Quebecor emphasized that, from its beginnings, Vidéotron distinguished itself through the pioneering spirit and vision of its founder, André Chagnon. Quebecor added that the company has become a symbol throughout Quebec, one that today is synonymous with leadership and quality. The applicant stated that it will rely on that spirit of innovation to speed the introduction of new digital and interactive services such as video-on-demand.

10. 9;

With respect to the issue of access, the applicant stated that the interactive television platform deployed by Vidéotron is freely accessible and is based on the use of Internet protocols. This will allow all programming undertakings, including those owned by QMI, to benefit equally from the platform.

11. 9;

Except for certain matters involving the operation of the community channel (addressed below), the Commission notes that interveners raised no specific concerns regarding these applications. After reviewing all of the information on file, the Commission is confident that approval of the applications will benefit the Canadian broadcasting system and serve the public interest. Bringing Vidéotron into the Quebecor family ensures the emergence in Canada of a major player with the resources to make a valuable contribution to the broadcasting system, and able to ensure fair and sustainable competition in this rapidly expanding universe.


Community channel

12. 9;

The Fédération des télévisions communautaires autonomes du Québec intervened at the public hearing in opposition to the transaction. The intervener's opposition is directed in particular to the manner in which Vidéotron's community channel has been managed for several years, and to QMI's plans to maintain the existing approach. The intervener indicated that it was especially concerned by Vidéotron's carriage on its cable systems of Canal VOX. It claimed that the introduction of this service has resulted in the disappearance in recent years of several independent community television groups who had formerly been involved in community program production. It further claimed that the Canal VOX service had significantly diminished local expression by restricting access to the community channel. In this regard, the intervener asked the Commission to specify a number of measures that QMI should take regarding the provision of access to, and the operation of, Vidéotron's community channel.

13. 9;

At the public hearing, Vidéotron explained its approach to the community channel and the efforts it has made in recent years to revitalize the operation of that channel, particularly in the Montréal area.
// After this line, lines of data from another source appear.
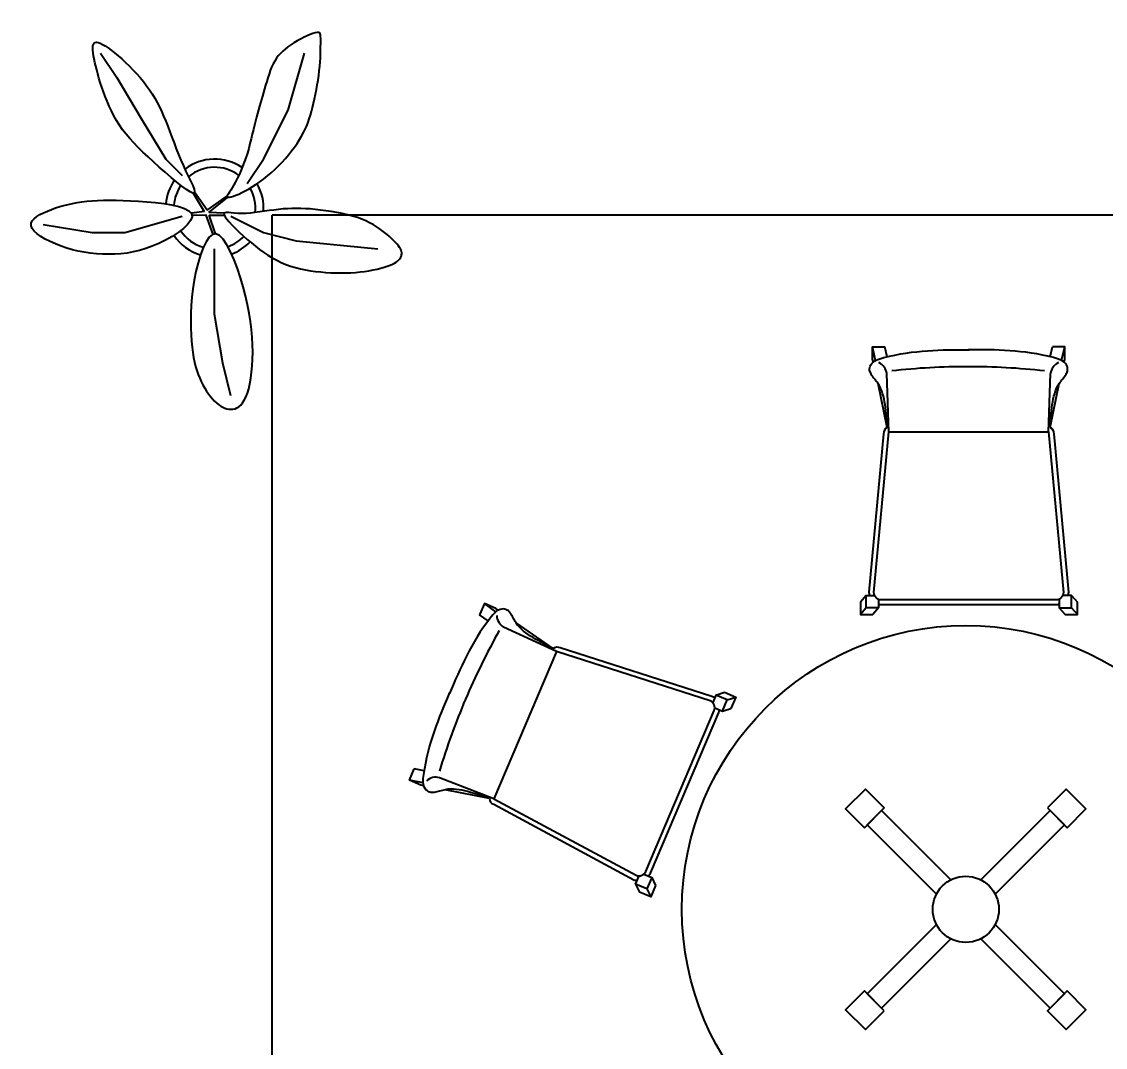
# Model space of a CAD drawing. Header units: millimetres. Extents: x -5841 to 140562, y 1006 to 102310.
# Drawn here: x 9824 to 12481, y 11244 to 13758 of the extents above; entities that cross this region are included whole.
import ezdxf

# ---------------------------------------------------------------- set-up
doc = ezdxf.new("R2010")
doc.units = ezdxf.units.MM
doc.header["$LTSCALE"] = 10
doc.linetypes.add('DASHED2', pattern=[0.375, 0.25, -0.125])
doc.layers.add('40 - Detail Outline', color=142, linetype='Continuous')
doc.layers.add('CONCEPT HOUSE', color=7, linetype='Continuous')
doc.styles.add('1-20', font='romans.shx', dxfattribs={"width": 0.8, "height": 35})
doc.styles.add('ATTR', font='romans.shx', dxfattribs={"width": 0.8, "height": 1.735066})
doc.styles.get("Standard").update_dxf_attribs({"font": 'arial.ttf'})
doc.dimstyles.new('1-20', dxfattribs={"dimtxt": 35, "dimasz": 40, "dimexe": 40, "dimexo": 40, "dimgap": 40, "dimtad": 1, "dimdec": 0, "dimzin": 0, "dimdsep": 46, "dimtxsty": '1-20', "dimblk": 'OBLIQUE', "dimcen": 40, "dimdle": 40, "dimclrd": 251, "dimclre": 251, "dimclrt": 251, "dimadec": 0, "dimazin": 0, "dimtfac": 1, "dimtdec": 0, "dimtix": 1, "dimtmove": 1, "dimatfit": 3, "dimfxl": 1, "dimtolj": 1, "dimtzin": 0, "dimlwd": 25, "dimarcsym": 0})
doc.dimstyles.get("Standard").update_dxf_attribs({"dimtxt": 0.18, "dimasz": 0.18, "dimexe": 0.18, "dimexo": 0.0625, "dimgap": 0.09, "dimtad": 0, "dimtih": 1, "dimtoh": 1, "dimdec": 4, "dimzin": 0, "dimdsep": 46, "dimtxsty": 'Standard', "dimcen": 0.09, "dimadec": 0, "dimazin": 0, "dimtfac": 1, "dimtdec": 4, "dimtofl": 0, "dimtmove": 0, "dimatfit": 3, "dimfxl": 1, "dimtolj": 1, "dimtzin": 0, "dimarcsym": 0})

# ---------------------------------------------------------------- blocks, each defined once
blk = doc.blocks.new('*D')
at = {"color": 0}
for p, q in [((14813.8, 14384.4), (14813.8, 14508.2)), ((14813.8, 14508), (15071.8, 14508)), ((15073, 14508), (15331, 14508)), ((15331, 14384.4), (15331, 14508.2))]:
    blk.add_line(p, q, dxfattribs=at)
for points in [[(14813.8, 14508), (14814, 14508), (14814, 14508)], [(15331, 14508), (15330.8, 14508), (15330.8, 14508)]]:
    blk.add_solid(points, dxfattribs=at)
at = {"layer": 'CONCEPT HOUSE', "color": 0}
for p, q in [((62787.2, 65689.7), (62787.2, 58835.1)), ((62773.1, 65663.8), (62801.4, 65635.5)), ((63893.6, 65649.7), (62747.2, 65649.7)), ((62787.2, 62262.4), (62670.6, 62535.3)), ((62773.1, 58889.2), (62801.4, 58861)), ((63893.6, 58875.1), (62747.2, 58875.1)), ((11738.8, 15660), (12011.7, 15776.6)), ((9063.8, 15243.5), (9063.8, 15700)), ((14413.8, 15243.5), (14413.8, 15700)), ((14453.8, 15660), (9023.8, 15660)), ((9049.6, 15645.8), (9077.9, 15674.1)), ((14399.6, 15645.8), (14427.9, 15674.1)), ((6807.7, 14174.3), (6807.7, 8989.3)), ((6793.6, 14148.5), (6821.8, 14120.2)), ((7253.9, 14134.3), (6767.7, 14134.3)), ((6807.7, 11581.8), (6691.1, 11854.8)), ((18838.8, 9698.7), (19111.7, 9815.4)), ((15163.8, 9419.3), (15163.8, 9738.7)), ((22513.8, 9338.9), (22513.8, 9738.7)), ((15123.8, 9698.7), (22553.8, 9698.7)), ((15149.6, 9684.6), (15177.9, 9712.9)), ((22499.6, 9684.6), (22527.9, 9712.9)), ((6793.6, 9043.5), (6821.8, 9015.2)), ((7253.9, 9029.3), (6767.7, 9029.3)), ((9463.8, 7725.3), (9463.8, 6739)), ((22863.8, 7725.3), (22863.8, 6739)), ((16163.8, 6779), (16494.9, 6895.6)), ((9423.8, 6779), (22903.8, 6779)), ((9449.6, 6764.8), (9477.9, 6793.1)), ((22849.6, 6764.8), (22877.9, 6793.1))]:
    blk.add_line(p, q, dxfattribs=at)
at = {"color": 0, "insert": (15072.4, 14508), "char_height": 0.18, "attachment_point": 5}
blk.add_mtext('517.2008', dxfattribs=at)
at = {"layer": 'CONCEPT HOUSE', "color": 0, "char_height": 150, "attachment_point": 5, "rotation": 90}
for s, insert in [('6775', (62670.6, 62262.4)), ('5105', (6691.1, 11581.8))]:
    blk.add_mtext(s, dxfattribs=dict(at, insert=insert))
at = {"layer": 'CONCEPT HOUSE', "color": 0, "char_height": 150, "attachment_point": 5}
for s, insert in [('5350', (11738.8, 15776.6)), ('7350', (18838.8, 9815.4)), ('13400', (16163.8, 6895.6))]:
    blk.add_mtext(s, dxfattribs=dict(at, insert=insert))
blk = doc.blocks.new('_Oblique')
at = {"color": 0}
blk.add_line((-0.354, -0.354), (0.354, 0.354), dxfattribs=at)

msp = doc.modelspace()

# ---------------------------------------------------------------- linework, layer by layer
at = {"layer": '40 - Detail Outline', "color": 140, "linetype": 'Continuous', "transparency": 33554585}
for p, q in [((10017.08009, 13681.12339), (10057.08009, 13621.12339)), ((10477.08009, 13541.12339), (10517.08009, 13681.12339)), ((10057.08009, 13621.12339), (10117.08009, 13521.12339)), ((10417.08009, 13421.12339), (10477.08009, 13541.12339)), ((10117.08009, 13521.12339), (10177.08009, 13421.12339)), ((10177.08009, 13421.12339), (10217.08009, 13381.12339)), ((10377.08009, 13361.12339), (10417.08009, 13421.12339)), ((10244.29009, 13337.62859), (10271.56209, 13292.88099)), ((10279.08609, 13295.81539), (10248.05009, 13339.82939)), ((10327.98809, 13331.02639), (10278.14409, 13295.81539)), ((10282.84609, 13289.94679), (10328.92809, 13327.35879)), ((10272.50209, 13292.88099), (10240.52809, 13288.47959)), ((10320.46409, 13288.47959), (10282.84609, 13289.94679)), ((9877.08009, 13261.12339), (9997.08009, 13241.12339)), ((10077.08009, 13241.12339), (10217.08009, 13281.12339)), ((10277.20409, 13283.34459), (10241.46809, 13282.61119)), ((10293.19209, 13236.39619), (10276.26409, 13283.34459)), ((10298.83409, 13237.86339), (10283.78809, 13284.07819)), ((10283.78809, 13284.07819), (10319.52409, 13283.34459)), ((10337.08009, 13281.12339), (10417.08009, 13241.12339)), ((9997.08009, 13241.12339), (10077.08009, 13241.12339)), ((10417.08009, 13241.12339), (10497.08009, 13221.12339)), ((10497.08009, 13221.12339), (10697.08009, 13201.12339)), ((10297.08009, 13041.12339), (10297.08009, 13201.12339)), ((10317.08009, 12921.12339), (10297.08009, 13041.12339)), ((10337.08009, 12841.12339), (10317.08009, 12921.12339))]:
    msp.add_line(p, q, dxfattribs=at)
for points in [[(10380.41209, 13347.78999), (10389.30609, 13353.09599), (10398.43409, 13358.98799), (10407.71809, 13365.42679), (10417.08009, 13372.37339), (10426.44209, 13379.78879), (10435.72409, 13387.63379), (10444.85209, 13395.86939), (10453.74609, 13404.45679), (10462.33409, 13413.34999), (10470.56809, 13422.47759), (10478.41409, 13431.76139), (10485.83009, 13441.12339), (10492.77609, 13450.48539), (10499.21409, 13459.76919), (10505.10609, 13468.89679), (10510.41209, 13477.78999), (10515.11209, 13486.40339), (10519.26609, 13494.82119), (10522.95209, 13503.16119), (10526.24609, 13511.53999), (10529.22809, 13520.07519), (10531.97409, 13528.88379), (10534.56609, 13538.08299), (10537.08009, 13547.78999), (10539.57209, 13558.08299), (10542.02809, 13568.88379), (10544.40409, 13580.07519), (10546.66209, 13591.53999), (10548.76609, 13603.16119), (10550.67209, 13614.82119), (10552.34609, 13626.40339), (10553.74609, 13637.78999), (10554.84609, 13648.87079), (10555.67209, 13659.56079), (10556.26609, 13669.78219), (10556.66209, 13679.45679), (10556.90409, 13688.50619), (10557.02809, 13696.85259), (10557.07209, 13704.41759), (10557.08009, 13711.12339), (10557.05409, 13716.90459), (10556.87009, 13721.74839), (10556.37609, 13725.65459), (10555.41209, 13728.62339), (10553.82409, 13730.65459), (10551.45409, 13731.74839), (10548.14609, 13731.90459), (10543.74609, 13731.12339), (10538.16009, 13729.42419), (10531.55809, 13726.90459), (10524.17609, 13723.68199), (10516.24609, 13719.87339), (10508.00409, 13715.59599), (10499.68409, 13710.96719), (10491.52009, 13706.10379), (10483.74609, 13701.12339), (10476.55209, 13696.11039), (10469.94409, 13691.01919), (10463.88209, 13685.77179), (10458.33009, 13680.28999), (10453.24409, 13674.49579), (10448.59009, 13668.31079), (10444.32609, 13661.65719), (10440.41209, 13654.45679), (10436.81209, 13646.66379), (10433.48609, 13638.36299), (10430.39209, 13629.67159), (10427.49609, 13620.70679), (10424.75409, 13611.58559), (10422.13209, 13602.42539), (10419.58609, 13593.34339), (10417.08009, 13584.45679), (10414.58009, 13575.84339), (10412.08009, 13567.42539), (10409.58009, 13559.08559), (10407.08009, 13550.70679), (10404.58009, 13542.17159), (10402.08009, 13533.36299), (10399.58009, 13524.16379), (10397.08009, 13514.45679), (10394.57209, 13504.16379), (10392.02809, 13493.36299), (10389.40409, 13482.17159), (10386.66209, 13470.70679), (10383.76609, 13459.08559), (10380.67209, 13447.42539), (10377.34609, 13435.84339), (10373.74609, 13424.45679), (10369.85209, 13413.37599), (10365.72409, 13402.68579), (10361.44209, 13392.46459), (10357.08009, 13382.78999), (10352.71809, 13373.74059), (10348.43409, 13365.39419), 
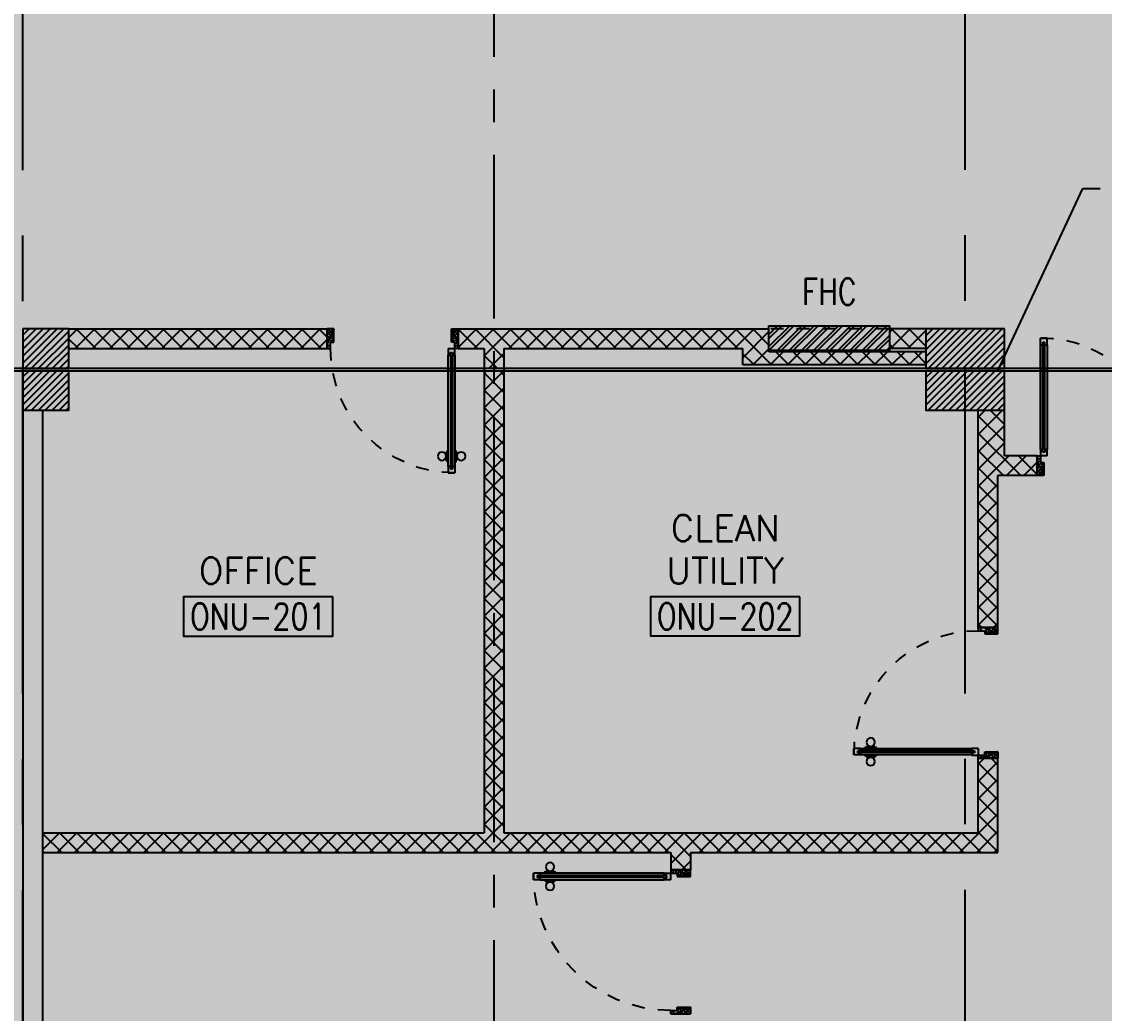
# Model space of a CAD drawing. Extents: x 88808.2 to 88899.2, y 39921.6 to 40001.1.
# Drawn here: x 88860.76 to 88869.03, y 39951.17 to 39958.75 of the extents above; entities that cross this region are included whole.
import ezdxf
from ezdxf.enums import TextEntityAlignment as Align

# ---------------------------------------------------------------- set-up
doc = ezdxf.new("R2010")
doc.units = 0
doc.header["$MEASUREMENT"] = 0
for name, pattern in [('CENTER', [2, 1.25, -0.25, 0.25, -0.25]), ('CENTERX2', [4, 2.5, -0.5, 0.5, -0.5]), ('HIDDEN', [0.375, 0.25, -0.125])]:
    doc.linetypes.add(name, pattern=pattern)
for name, color, linetype in [('AXES', 11, 'CENTERX2'), ('AXES1', 11, 'CENTER'), ('COL', 2, 'CONTINUOUS'), ('DOOR', 7, 'CONTINUOUS'), ('EJ', 9, 'CONTINUOUS'), ('FHC', 4, 'CONTINUOUS'), ('HAT', 8, 'CONTINUOUS'), ('RM-BOX', 4, 'CONTINUOUS'), ('RM-NAME', 2, 'CONTINUOUS'), ('RM-NO', 2, 'CONTINUOUS'), ('WALL', 2, 'CONTINUOUS'), ('WallType', 11, 'CONTINUOUS'), ('WallType2', 3, 'CONTINUOUS')]:
    doc.layers.add(name, color=color, linetype=linetype)
doc.styles.add('ROMANS', font='ROMANS.shx', dxfattribs={"width": 0.6})
doc.dimstyles.new('DIM-OUT', dxfattribs={"dimscale": 0, "dimtxt": 0.24, "dimasz": 0.08, "dimexe": 0.02, "dimexo": 0.02, "dimgap": 0.05, "dimtad": 1, "dimdec": 0, "dimlfac": 1000, "dimzin": 0, "dimdsep": 46, "dimtxsty": 'ROMANS', "dimblk1": 'ARCHTICK', "dimblk2": 'ARCHTICK', "dimsah": 1, "dimcen": 0.01, "dimdle": 0.08, "dimclrd": 4, "dimclre": 4, "dimclrt": 2, "dimadec": 0, "dimazin": 0, "dimtp": 2, "dimtm": 2, "dimtfac": 0.114286, "dimtdec": 0, "dimtix": 1, "dimtmove": 2, "dimatfit": 3, "dimldrblk": 'ARCHTICK', "dimfxl": 0, "dimtolj": 1, "dimtzin": 0, "dimarcsym": 0})

# ---------------------------------------------------------------- blocks, each defined once
blk = doc.blocks.new('D1000')
at = {"layer": 'DOOR', "color": 7, "linetype": 'ByBlock'}
for p, q in [((0, 0), (-150, 0)), ((-150, 0), (-150, -25)), ((-150, 0), (0, 0)), ((0, -50), (-113.7, 0)), ((0, -50), (-40.1, 0)), ((0, -50), (0, 0)), ((-1050, -25.2), (-1100, -25.2)), ((-1100, -75.2), (-1100, -25.2)), ((-1100, -25.2), (-1100, -75.2)), ((-1050, -75.2), (-1100, -75.2)), ((-1050, -42.2), (-1070, -42.2)), ((-1070, -42.2), (-1070, -58.2)), ((-1050, -58.2), (-1070, -58.2)), ((-1050, -25.2), (-1050, -42.2)), ((-1050, -58.2), (-1050, -75.2)), ((-927.6, -18), (-1017.6, -18)), ((-1017.6, -25.2), (-1017.6, -18)), ((-1017.6, -75.2), (-1017.6, -82.4)), ((-927.6, -82.4), (-1017.6, -82.4)), ((-1005, -9), (-940.2, -9)), ((-1005, -18), (-1005, -9)), ((-1005, -18), (-940.2, -18)), ((-1005, -82.4), (-940.2, -82.4)), ((-1005, -82.4), (-1005, -91.4)), ((-940.2, -18), (-940.2, -9)), ((-940.2, -82.4), (-940.2, -91.4)), ((-927.6, -25.2), (-927.6, -18)), ((-927.6, -75.2), (-927.6, -82.4)), ((-200, -42), (-200, -25)), ((-200, -25), (-150, -25)), ((-180, -42), (-200, -42)), ((-200, -75), (-200, -58)), ((-200, -58), (-180, -58)), ((-150, -75), (-200, -75)), ((-180, -58), (-180, -42)), ((-150, -75), (-150, -25)), ((-150, -25), (-100, -25)), ((-100, -25), (-100, -50)), ((0, -50), (-100, -36.6)), ((-100, -50), (0, -50)), ((-1005, -91.4), (-940.2, -91.4)), ((-150, -975), (-100, -975)), ((-150, -1000), (-150, -975)), ((0, -950), (-113.7, -1000)), ((-100, -975), (-100, -950)), ((0, -950), (-100, -963.4)), ((-100, -950), (0, -950)), ((0, -950), (-40.1, -1000)), ((0, -950), (0, -1000)), ((-150, -1000), (0, -1000)), ((0, -1000), (-150, -1000))]:
    blk.add_line(p, q, dxfattribs=at)
at = {"layer": 'DOOR', "linetype": 'ByBlock'}
for p, q in [((-200, -25), (-1050, -25.2)), ((-200, -42), (-1050, -42.2)), ((-200, -58), (-1050, -58.2)), ((-1050, -75.2), (-200, -75))]:
    blk.add_line(p, q, dxfattribs=at)
at = {"layer": 'DOOR', "color": 7, "linetype": 'ByBlock'}
for centre in [(-972.6, 23.4), (-972.6, -123.7)]:
    blk.add_circle(centre, 32.4, dxfattribs=at)
for centre, radius, start, end in [((0, -50), 134.4, 158.15985, 169.28002), ((0, -50), 74.4, 137.77643, 180), ((0, -50), 54.4, 113.20738, 180), ((0, -50), 154.4, 161.10529, 166.28577), ((0, -50), 114.4, 154.08384, 167.37743), ((0, -50), 94.4, 148.01819, 180), ((0, -50), 34.4, 90, 180), ((0, -50), 14.4, 90, 180), ((0, -950), 154.4, 193.71423, 198.89471), ((0, -950), 134.4, 190.71998, 201.84015), ((0, -950), 94.4, 180, 211.98181), ((0, -950), 74.4, 180, 222.22357), ((0, -950), 54.4, 180, 246.79262), ((0, -950), 34.4, 180, 270), ((0, -950), 14.4, 180, 270)]:
    blk.add_arc(centre, radius, start, end, dxfattribs=at)
at = {"layer": 'DOOR', "linetype": 'HIDDEN', "ltscale": 0.5}
blk.add_arc((-149.4, -24.5), 950.5, 180.04344, 269.96673, dxfattribs=at)
blk = doc.blocks.new('A$C272A55A0')
at = {"layer": 'DOOR', "color": 0, "linetype": 'ByBlock'}
for p, q in [((0, 900.4), (0, 1050.4)), ((50, 1050.4), (0, 1050.4)), ((50, 950.4), (50, 1050.4)), ((1750, 950.4), (1750, 1050.4)), ((1750, 1050.4), (1800, 1050.4)), ((1800, 1050.4), (1800, 900.4)), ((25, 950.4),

The licensee noted that Canal VOX provides community programming from 37 different communities located in the areas served by Vidéotron. It stated that, in each of the regions, it ensures that programming for Canal VOX is, first and foremost, local. It also assured the Commission that it complies fully with the current community channel policy.

14. 9;

In Public Notice CRTC 2001-19 of 5 February 2001, the Commission initiated a review of its community channel policy. Following discussions at the hearing, QMI and Vidéotron agreed to the Commission's request for a moratorium on the status of the current relationship between the licensee and the independent community television groups now operating in the territories served by Vidéotron, until the community channel policy review is completed and the Commission's findings are released.

15. 9;

Accordingly, the Commission expects QMI and Vidéotron to respect the spirit of the moratorium, and refrain from any action that could directly or indirectly force the independent community television groups to restrict or cease their programming activities as a result of administrative decisions by the licensee. This moratorium became effective on the date of the commitment made by the licensee, i.e., 27 March 2001, and will terminate when the Commission releases its new community channel policy. The Commission reminds the licensee that, in accordance with the existing policy, the community channel must continue to operate as a public service, and as a vehicle for free and open access and community expression.